Deixou o vapor atingir seu rosto e sentiu nos poros o calor que evaporava do centro do prato. Era como se cada um de seus sonhos fosse minúsculas gotículas de sopa tentando ansiosamente transformar-se em nuvens creme de cebola.

Queria furar cada uma destas nuvens de dentro de uma grande aeronave e fazer a chuva se formar em lágrimas salgadas. Queria estar abaixo delas quando os primeiros grandes pingos tocassem o solo e fizessem com que cada uma de suas peças de roupa se colassem para sempre junto ao seu corpo. Queria sentir os fios de cabelo unirem-se em pequenos bandos e cada bando tornar-se uma pequena goteira castanha em forma de espiral derramando sopa.

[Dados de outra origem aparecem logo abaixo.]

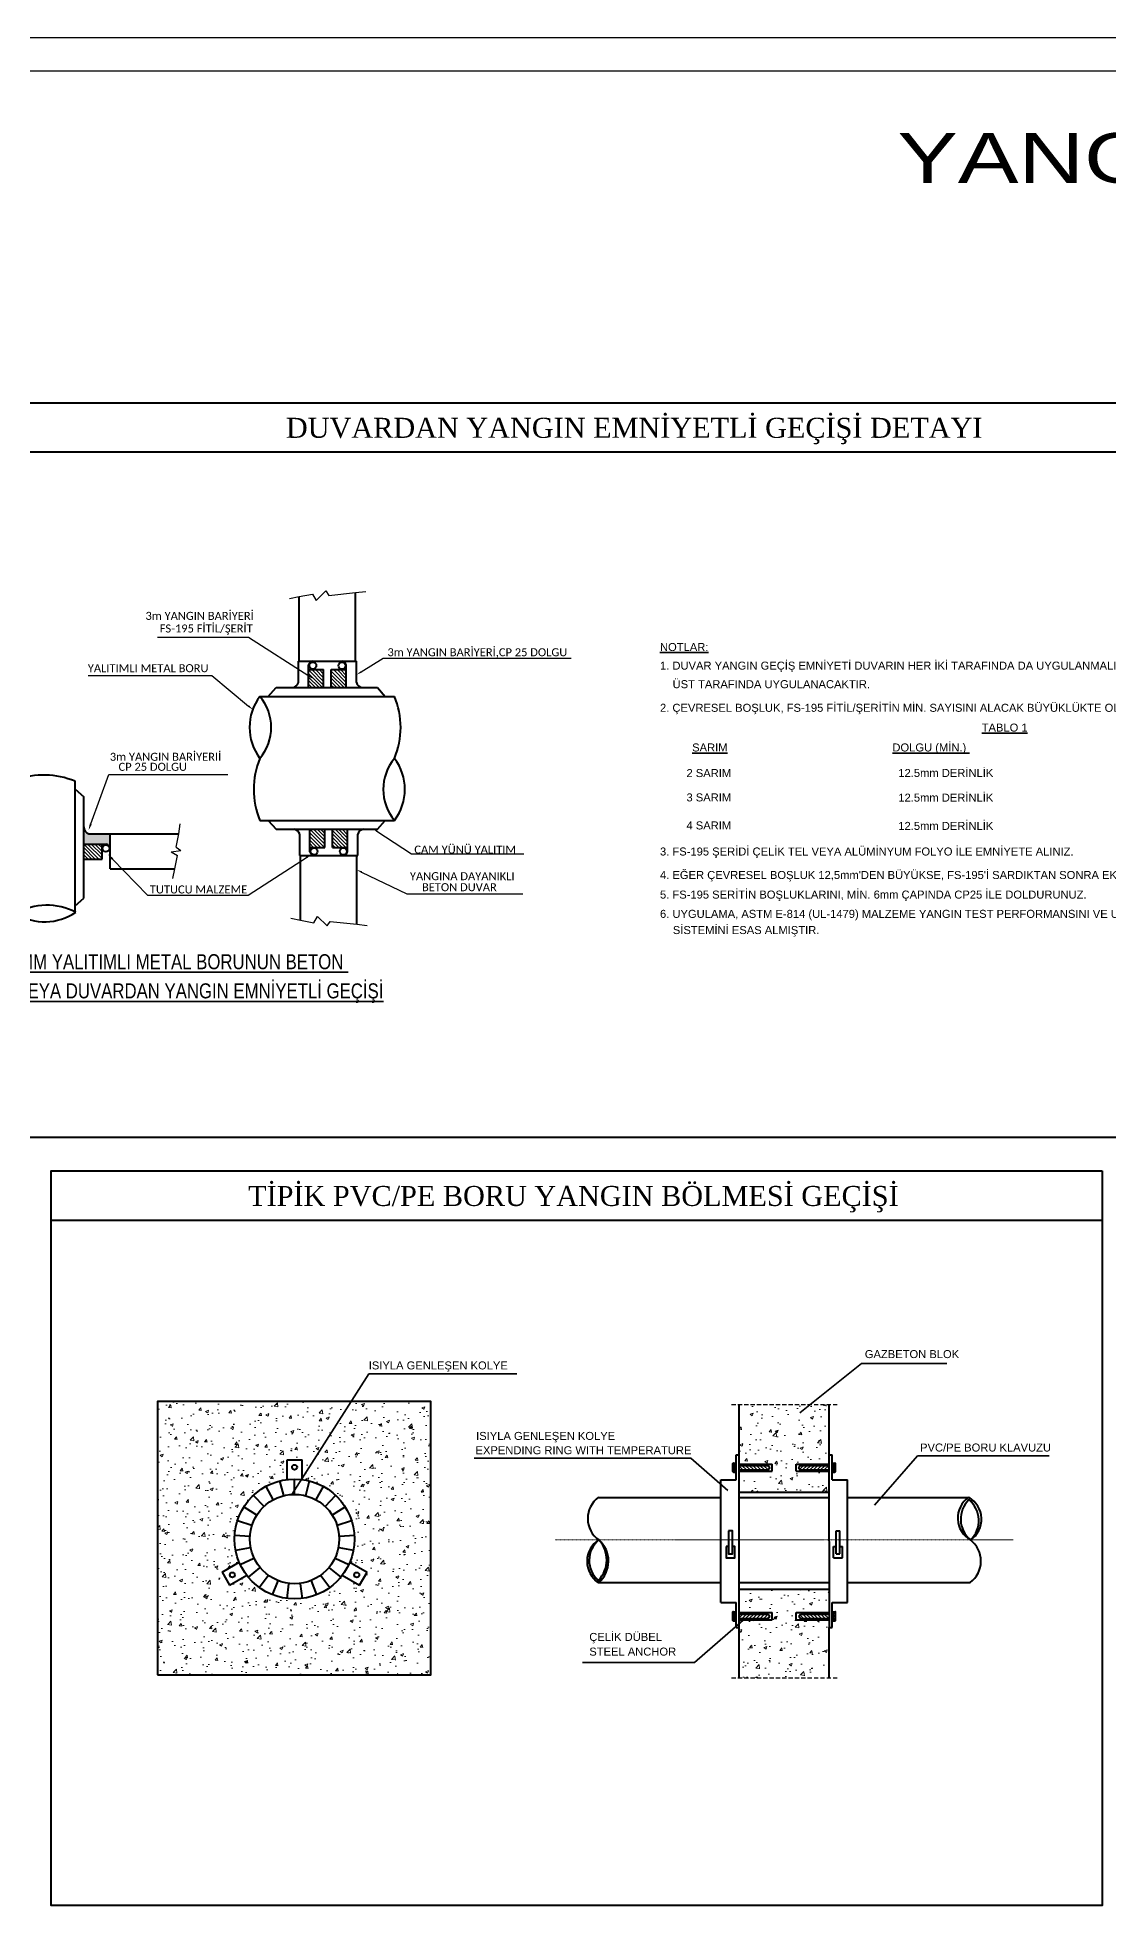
# Model space of a CAD drawing. Header units: centimetres. Extents: x 394264 to 551709, y 50011 to 59011.
# Drawn here: x 539721 to 542932, y 53359 to 59011 of the extents above; entities that cross this region are included whole.
import ezdxf
from ezdxf.enums import TextEntityAlignment as Align

# ---------------------------------------------------------------- set-up
doc = ezdxf.new("R2010")
doc.units = ezdxf.units.CM
doc.linetypes.add('CENTER', pattern=[2, 1.25, -0.25, 0.25, -0.25])
doc.linetypes.add('HIDDEN', pattern=[9.525, 6.35, -3.175])
for name, color, linetype, lineweight in [('0-KRCN-DETAY-13', 21, 'Continuous', 13), ('0-KRCN-DETAY-25', 4, 'Continuous', 25), ('0-KRCN-DETAY-40', 3, 'Continuous', 40), ('0-KRCN-DETAY-YAZI', 71, 'Continuous', 35), ('0-KRCN-IST-YAZI', 81, 'Continuous', 30), ('0-KRCN-YNG-DETAY-13', 21, 'Continuous', 25), ('0-KRCN-YNG-DETAY-25', 4, 'Continuous', 25), ('0-KRCN-YNG-DETAY-40', 3, 'Continuous', 40), ('0-KRCN-YNG-DETAY-YAZI', 71, 'Continuous', 35), ('0-KRCN-YNG-DETAY-ÇERÇEVE', 71, 'Continuous', 40), ('0-KRCN-YNG-YAZI', 71, 'Continuous', 35), ('0-KRCN-Z-ANTET', 71, 'Continuous', 30)]:
    doc.layers.add(name, color=color, linetype=linetype, lineweight=lineweight)
doc.styles.add('KATMAN YAZI STİLİ', font='calibri.ttf')
doc.styles.add('mm', font='times.ttf', dxfattribs={"height": 3.3})
doc.styles.get("Standard").update_dxf_attribs({"font": 'arial.ttf'})
doc.styles.add('TROMANT', font='arial.ttf', dxfattribs={"width": 0.8})
pattern_1 = [(50, (-17251.93, 318.507), (45.147265, -3.949874), [4.7208, -51.92885]), (355, (-17251.93, 318.507), (-8.73357, 47.34602), [3.77664, -41.54308]), (100.4514, (-17248.168, 318.177), (36.41373, 43.39612), [4.01207, -44.13273]), (46.1842, (-17251.93, 331.095), (67.17648, -10.41844), [7.0812, -77.89327]), (96.6356, (-17246.33, 330.23), (58.83146, 61.31493), [6.0181, -66.19908]), (351.1842, (-17251.93, 331.095), (58.8314, 61.31498), [5.66496, -62.31461]), (21, (-17245.635, 327.95), (37.57175, -25.342466), [4.7208, -51.92885]), (326, (-17245.635, 327.95), (15.31525, 45.64388), [3.77664, -41.54308]), (71.4514, (-17242.504, 325.836), (52.88702, 20.30138), [4.01207, -44.13273]), (37.5, (-17251.93, 318.507), (0.76539, 20.953689), [0, -41.039524, 0, -42.172517, 0, -41.700437]), (7.5, (-17251.93, 318.507), (16.558664, 24.825873), [0, -24.04463, 0, -40.095363, 0, -15.893374]), (327.5, (-17265.966, 318.507), (33.600949, -1.419695), [0, -15.736014, 0, -49.096363, 0, -65.147097]), (317.5, (-17272.26, 318.507), (36.708102, 6.301014), [0, -20.45682, 0, -32.60502, 0, -46.26388])]
pattern_2 = [(135, (7275.7096, -11812.9098), (-2.6935786, -2.6935786), [])]

# ---------------------------------------------------------------- blocks, each defined once
blk = doc.blocks.new('G$CD0B2DDC3')
at = {"layer": '0-KRCN-DETAY-13'}
h = blk.add_hatch(dxfattribs=at)
h.set_pattern_fill('AR-CONC', color=256, scale=6.294406, style=0)
h.set_pattern_definition([(50, (-17234.804, 1159.88), (45.147265, -3.949874), [4.7208, -51.92885]), (355, (-17234.804, 1159.88), (-8.73357, 47.34602), [3.77664, -41.54308]), (100.4514, (-17231.04, 1159.55), (36.41373, 43.39612), [4.01207, -44.13273]), (46.1842, (-17234.804, 1172.47), (67.17648, -10.41844), [7.0812, -77.89327]), (96.6356, (-17229.206, 1171.6), (58.83146, 61.31493), [6.0181, -66.19908]), (351.1842, (-17234.804, 1172.47), (58.8314, 61.31498), [5.66496, -62.31461]), (21, (-17228.51, 1169.32), (37.57175, -25.342466), [4.7208, -51.92885]), (326, (-17228.51, 1169.32), (15.31525, 45.64388), [3.77664, -41.54308]), (71.4514, (-17225.38, 1167.21), (52.88702, 20.30138), [4.01207, -44.13273]), (37.5, (-17234.804, 1159.879), (0.76539, 20.953689), [0, -41.039524, 0, -42.172517, 0, -41.700437]), (7.5, (-17234.804, 1159.879), (16.558664, 24.825873), [0, -24.04463, 0, -40.095363, 0, -15.893374]), (327.5, (-17248.84, 1159.879), (33.600949, -1.419695), [0, -15.736014, 0, -49.096363, 0, -65.147097]), (317.5, (-17255.135, 1159.88), (36.708102, 6.301014), [0, -20.45682, 0, -32.60502, 0, -46.26388])])
h.paths.add_polyline_path([(444, -508.9), (569.5, -408.3), (569.5, -346), (159.7, -346), (159.7, -755.8), (569.5, -755.8), (569.5, -408.3), (444, -508.9, -0.126168), (455.1, -552.1, -0.099898), (448.1, -587), (473.9, -601.9), (462.6, -621.4), (436.8, -606.5, -0.496614), (293.5, -606.5), (267.8, -621.4), (256.5, -601.9), (282.3, -587, -0.099898), (275.3, -552.1, -0.377964), (354, -462.9), (354, -433.2), (376.4, -433.2), (376.4, -462.9, -0.240335)])
h = blk.add_hatch(dxfattribs=at)
h.set_pattern_fill('AR-CONC', color=256, scale=6.294406, style=0)
h.set_pattern_definition(pattern_1)
h.paths.add_polyline_path([(1167, -350.5), (1032, -350.5), (1032, -425.8), (1032, -439.7), (1081.6, -439.7), (1081.6, -450.5), (1032, -450.5), (1032, -481.8), (1167, -481.8), (1167, -450.5), (1117.4, -450.5), (1117.4, -439.7), (1167, -439.7), (1167, -425.8)])
h = blk.add_hatch(dxfattribs=at)
h.set_pattern_fill('ANSI31', color=256, scale=30.572827, angle=90, style=0)
h.set_pattern_definition([(135, (1772.534, 2538.5933), (-2.7022816, -2.7022816), [])])
h.paths.add_polyline_path([(1075.4, -448.5), (1077.8, -445.1), (1075.4, -441.7), (1032.4, -441.7), (1032.4, -448.5)])
h = blk.add_hatch(dxfattribs=at)
h.set_pattern_fill('ANSI31', color=256, scale=30.572827, angle=90, style=0)
h.set_pattern_definition([(45, (426.4978, 2538.5933), (2.7022816, -2.7022816), [])])
h.paths.add_polyline_path([(1123.6, -448.5), (1121.2, -445.1), (1123.6, -441.7), (1166.6, -441.7), (1166.6, -448.5)])
h = blk.add_hatch(dxfattribs=at)
h.set_pattern_fill('AR-CONC', color=256, scale=6.294406, style=0)
h.set_pattern_definition(pattern_1)
h.paths.add_polyline_path([(1117.6, -662.5), (1167.1, -662.5), (1167.1, -627.5), (1031.9, -627.5), (1031.9, -662.5), (1081.6, -662.5), (1081.6, -673.3), (1031.9, -673.3), (1031.9, -685), (1031.9, -760.3), (1167, -760.3), (1167, -685), (1167.2, -685), (1167.2, -673.3), (1117.6, -673.3)])
h = blk.add_hatch(dxfattribs=at)
h.set_pattern_fill('ANSI31', color=256, scale=30.572827, angle=90, style=0)
h.set_pattern_definition([(225, (1772.534, -3651.6197), (-2.7022816, 2.7022816), [])])
h.paths.add_polyline_path([(1075.4, -664.6), (1077.8, -667.9), (1075.4, -671.3), (1032.4, -671.3), (1032.4, -664.6)])
h = blk.add_hatch(dxfattribs=at)
h.set_pattern_fill('ANSI31', color=256, scale=30.572827, angle=90, style=0)
h.set_pattern_definition([(315, (426.6696, -3651.6197), (2.7022816, 2.7022816), [])])
h.paths.add_polyline_path([(1123.8, -664.6), (1121.4, -667.9), (1123.8, -671.3), (1166.8, -671.3), (1166.8, -664.6)])
at = {"layer": '0-KRCN-DETAY-13', "linetype": 'CENTER', "ltscale": 0.2}
blk.add_line((756.1, -553.5), (1443, -553.5), dxfattribs=at)
at = {"layer": '0-KRCN-DETAY-25', "linetype": 'HIDDEN'}
for p, q in [((1020.4, -350.5), (1179.3, -350.5)), ((1020.4, -760.3), (1179.3, -760.3))]:
    blk.add_line(p, q, dxfattribs=at)
at = {"layer": '0-KRCN-DETAY-40'}
for p, q in [((1032, -425.8), (1032, -350.5)), ((1167, -425.8), (1167, -350.5)), ((354, -462.9), (354, -433.2)), ((354, -433.2), (376.4, -433.2)), ((376.4, -462.9), (376.4, -433.2)), ((1022.7, -440.9), (1022.7, -439.1)), ((1022.7, -445.1), (1022.7, -440.9)), ((1022.7, -449.3), (1022.7, -445.1)), ((1022.7, -451.1), (1022.7, -449.3)), ((1022.9, -440.9), (1022.9, -438.6)), ((1022.9, -440.9), (1026.2, -440.9)), ((1022.9, -445.1), (1022.9, -440.9)), ((1022.9, -449.3), (1022.9, -445.1)), ((1022.9, -445.1), (1026.2, -445.1)), ((1022.9, -449.3), (1026.2, -449.3)), ((1022.9, -451.6), (1022.9, -449.3)), ((1023.4, -438.4), (1026.2, -438.4)), ((1023.4, -451.8), (1026.2, -451.8)), ((1026.2, -451.8), (1026.2, -438.4)), ((1026.2, -441.7), (1027.6, -441.7)), ((1026.2, -448.5), (1027.6, -448.5)), ((1027.6, -463.6), (1027.6, -425.8)), ((1027.6, -425.8), (1032, -425.8)), ((1031.9, -685), (1032, -425.8)), ((1032.4, -439.7), (1081.6, -439.7)), ((1032.4, -441.7), (1075.4, -441.7)), ((1032.4, -448.5), (1075.4, -448.5)), ((1032.4, -450.5), (1081.6, -450.5)), ((1075.4, -441.7), (1077.8, -445.1)), ((1075.4, -448.5), (1077.8, -445.1)), ((1081.6, -450.5), (1081.6, -439.7)), ((1117.4, -450.5), (1117.4, -439.7)), ((1117.4, -439.7), (1166.6, -439.7)), ((1117.4, -450.5), (1166.6, -450.5)), ((1121.2, -445.1), (1123.6, -441.7)), ((1121.2, -445.1), (1123.6, -448.5)), ((1123.6, -441.7), (1166.6, -441.7)), ((1123.6, -448.5), (1166.6, -448.5)), ((1167.2, -685), (1167, -425.8)), ((1167, -425.8), (1171.4, -425.8)), ((1171.4, -463.6), (1171.4, -425.8)), ((1171.4, -441.7), (1172.8, -441.7)), ((1171.4, -448.5), (1172.8, -448.5)), ((1172.8, -451.8), (1172.8, -438.4)), ((1172.8, -438.4), (1175.6, -438.4)), ((1172.8, -440.9), (1176.2, -440.9)), ((1172.8, -445.1), (1176.2, -445.1)), ((1172.8, -449.3), (1176.2, -449.3)), ((1172.8, -451.8), (1175.6, -451.8)), ((1176.2, -440.9), (1176.2, -438.6)), ((1176.2, -445.1), (1176.2, -440.9)), ((1176.2, -449.3), (1176.2, -445.1)), ((1176.2, -451.6), (1176.2, -449.3)), ((1176.3, -440.9), (1176.3, -439.1)), ((1176.3, -445.1), (1176.3, -440.9)), ((1176.3, -449.3), (1176.3, -445.1)), ((1176.3, -451.1), (1176.3, -449.3)), ((321.9, -473.3), (332.7, -493)), ((342.8, -465.1), (348.4, -486.8)), ((365.2, -484.7), (365.2, -462.2)), ((382, -486.8), (387.6, -465.1)), ((397.7, -493), (408.5, -473.3)), ((1004.5, -647.1), (1004.5, -463.6)), ((1004.5, -463.6), (1027.6, -463.6)), ((1171.4, -463.6), (1194.5, -463.6)), ((1194.5, -647.1), (1194.5, -463.6)), ((289.3, -504), (308.3, -516)), ((303.6, -486.6), (319, -503)), ((411.4, -503), (426.7, -486.6)), ((422.1, -516), (441.1, -504)), ((821.1, -489.6), (1004.5, -489.6)), ((1032, -489.6), (1167, -489.6)), ((1032.4, -481.8), (1167, -481.8)), ((1194.5, -489.6), (1376.2, -489.6)), ((279.7, -524.4), (301.1, -531.3)), ((429.3, -531.3), (450.7, -524.4)), ((275.4, -546.5), (297.9, -547.9)), ((276.9, -569), (298.9, -564.8)), ((431.4, -564.8), (453.5, -569)), ((432.5, -547.9), (454.9, -546.5)), ((1173.4, -563.1), (1177.2, -563.1)), ((1173.4, -580.2), (1173.4, -563.1)), ((1177.2, -574.1), (1177.2, -539.9)), ((1177.2, -539.9), (1182.9, -539.9)), ((1182.9, -574.1), (1182.9, -539.9)), ((1182.9, -563.1), (1186.7, -563.1)), ((1186.7, -580.2), (1186.7, -563.1)), ((256.5, -601.9), (282.3, -587)), ((283.8, -590.4), (304.2, -580.9)), ((426.2, -580.9), (446.6, -590.4)), ((448.1, -587), (473.9, -601.9)), ((1173.4, -580.2), (1186.7, -580.2)), ((1177.2, -574.1), (1182.9, -574.1)), ((256.5, -601.9), (267.8, -621.4)), ((267.8, -621.4), (293.5, -606.5)), ((295.9, -609.5), (313.2, -595.1)), ((312.3, -624.9), (325.6, -606.7)), ((332.1, -635.8), (340.4, -614.8)), ((353.9, -641.4), (356.7, -619.1)), ((373.6, -619.1), (376.5, -641.4)), ((390, -614.8), (398.3, -635.8)), ((404.8, -606.7), (418, -624.9)), ((417.2, -595.1), (434.5, -609.5)), ((436.8, -606.5), (462.6, -621.4)), ((462.6, -621.4), (473.9, -601.9)), ((821.1, -617.5), (1004.5, -617.5)), ((1031.9, -617.5), (1167.1, -617.5)), ((1194.5, -617.5), (1378.6, -617.5)), ((1004.5, -647.1), (1027.5, -647.1)), ((1027.5, -685), (1027.5, -647.1)), ((1032.4, -627.5), (1167.3, -627.5)), ((1171.6, -685), (1171.6, -647.1)), ((1171.6, -647.1), (1194.5, -647.1)), ((1022.5, -663.7), (1022.5, -661.9)), ((1022.5, -667.9), (1022.5, -663.7)), ((1022.5, -672.1), (1022.5, -667.9)), ((1022.5, -673.9), (1022.5, -672.1)), ((1022.7, -663.7), (1022.7, -661.5)), ((1022.7, -663.7), (1026.1, -663.7)), ((1022.7, -667.9), (1022.7, -663.7)), ((1022.7, -672.1), (1022.7, -667.9)), ((1022.7, -667.9), (1026.1, -667.9)), ((1022.7, -672.1), (1026.1, -672.1)), ((1022.7, -674.4), (1022.7, -672.1)), ((1023.2, -661.2), (1026.1, -661.2)), ((1023.2, -674.6), (1026.1, -674.6)), ((1026.1, -674.6), (1026.1, -661.2)), ((1026.1, -664.6), (1027.5, -664.6)), ((1026.1, -671.3), (1027.5, -671.3)), ((1032.4, -662.5), (1081.6, -662.5)), ((1032.4, -664.6), (1075.4, -664.6)), ((1032.4, -671.3), (1075.4, -671.3)), ((1032.4, -673.3), (1081.6, -673.3)), ((1075.4, -664.6), (1077.8, -667.9)), ((1075.4, -671.3), (1077.8, -667.9)), ((1081.6, -673.3), (1081.6, -662.5)), ((1117.6, -673.3), (1117.6, -662.5)), ((1117.6, -662.5), (1166.8, -662.5)), ((1117.6, -673.3), (1166.8, -673.3)), ((1121.4, -667.9), (1123.8, -664.6)), ((1121.4, -667.9), (1123.8, -671.3)), ((1123.8, -664.6), (1166.8, -664.6)), ((1123.8, -671.3), (1166.8, -671.3)), ((1171.6, -664.6), (1173, -664.6)), ((1171.6, -671.3), (1173, -671.3)), ((1173, -661.2), (1175.8, -661.2)), ((1173, -674.6), (1173, -661.2)), ((1173, -663.7), (1176.3, -663.7)), ((1173, -667.9), (1176.3, -667.9)), ((1173, -672.1), (1176.3, -672.1)), ((1173, -674.6), (1175.8, -674.6)), ((1176.3, -663.7), (1176.3, -661.5)), ((1176.3, -667.9), (1176.3, -663.7)), ((1176.3, -672.1), (1176.3, -667.9)), ((1176.3, -674.4), (1176.3, -672.1)), ((1176.5, -663.7), (1176.5, -661.9)), ((1176.5, -667.9), (1176.5, -663.7)), ((1176.5, -672.1), (1176.5, -667.9)), ((1176.5, -673.9), (1176.5, -672.1)), ((1027.5, -685), (1031.9, -685)), ((1031.9, -760.3), (1031.9, -685)), ((1167, -760.3), (1167, -685)), ((1167, -685), (1171.4, -685)), ((1167.2, -685), (1171.6, -685))]:
    blk.add_line(p, q, dxfattribs=at)
for points in [[(159.7, -755.8), (569.5, -755.8), (569.5, -346), (159.7, -346)], [(1016.1, -539.9), (1016.1, -574.1), (1021.8, -574.1), (1021.8, -539.9)]]:
    blk.add_lwpolyline(points, close=True, dxfattribs=at)
for points in [[(1016.1, -563.1), (1012.3, -563.1)], [(1012.3, -563.1), (1012.3, -580.2), (1025.6, -580.2), (1025.6, -563.1), (1021.8, -563.1)]]:
    blk.add_lwpolyline(points, dxfattribs=at)
for centre, radius in [((365.2, -444.5), 3.75), ((365.2, -552.1), 89.9), ((365.2, -552.1), 67), ((271.9, -606), 3.75), ((458.5, -606), 3.75)]:
    blk.add_circle(centre, radius, dxfattribs=at)
for centre, radius, start, end in [((1023.4, -439.1), 0.696, 90, 180), ((1023.4, -451.1), 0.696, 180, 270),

Ali estava ela, de volta, em frente ao prato. Bastou voltar para a realidade que aos poucos palavras foram se formando na borda do prato. E assim a sopa transformou-se em poesia circular. Sem início. Sem fim. Sugou com vigor todo o líquido que restava e deixou algumas poucas letras bagunçadas ao centro. Uma ou duas vogais. Quatro ou cinco consoantes. E nada mais. Apenas uma sopa de letras, como era sua vida.

A jovem tinha apenas duas compulsões na vida: livrarias e livros – mas só aqueles que são vendidos em livrarias, ela diria. Era incapaz de passar em frente a uma delas sem ter o ímpeto desejo de entrar. Dizia ir apenas dar uma olhadinha.

De tantas tentativas frustradas, entrava escondida com medo de alguém repreendê-la logo na porta. Sempre entrava. E quando era tarde demais para voltar atrás, sua segunda compulsão a arrebatava: os livros. Lombadas coloridas, variadas e espremidas lado a lado. Prateleiras que não tinham lugar certo para começar ou terminar. Um delicioso cheiro de página impressa que acaba de sair do forno e aguarda alguém com um apetite como o dela para o saborear.

Desistiu de se controlar. Até mesmo os livros começaram a aconselhá-la de fazer o contrário. E quando já não tinha mais forças para lutar contra livros e livrarias, viu um anúncio no jornal. Procura-se vendedoras. Foi assim, entre os livros que vendia, na livraria que a empregara, literalmente, onde encontrou a cura para a sua compulsão: a literatura.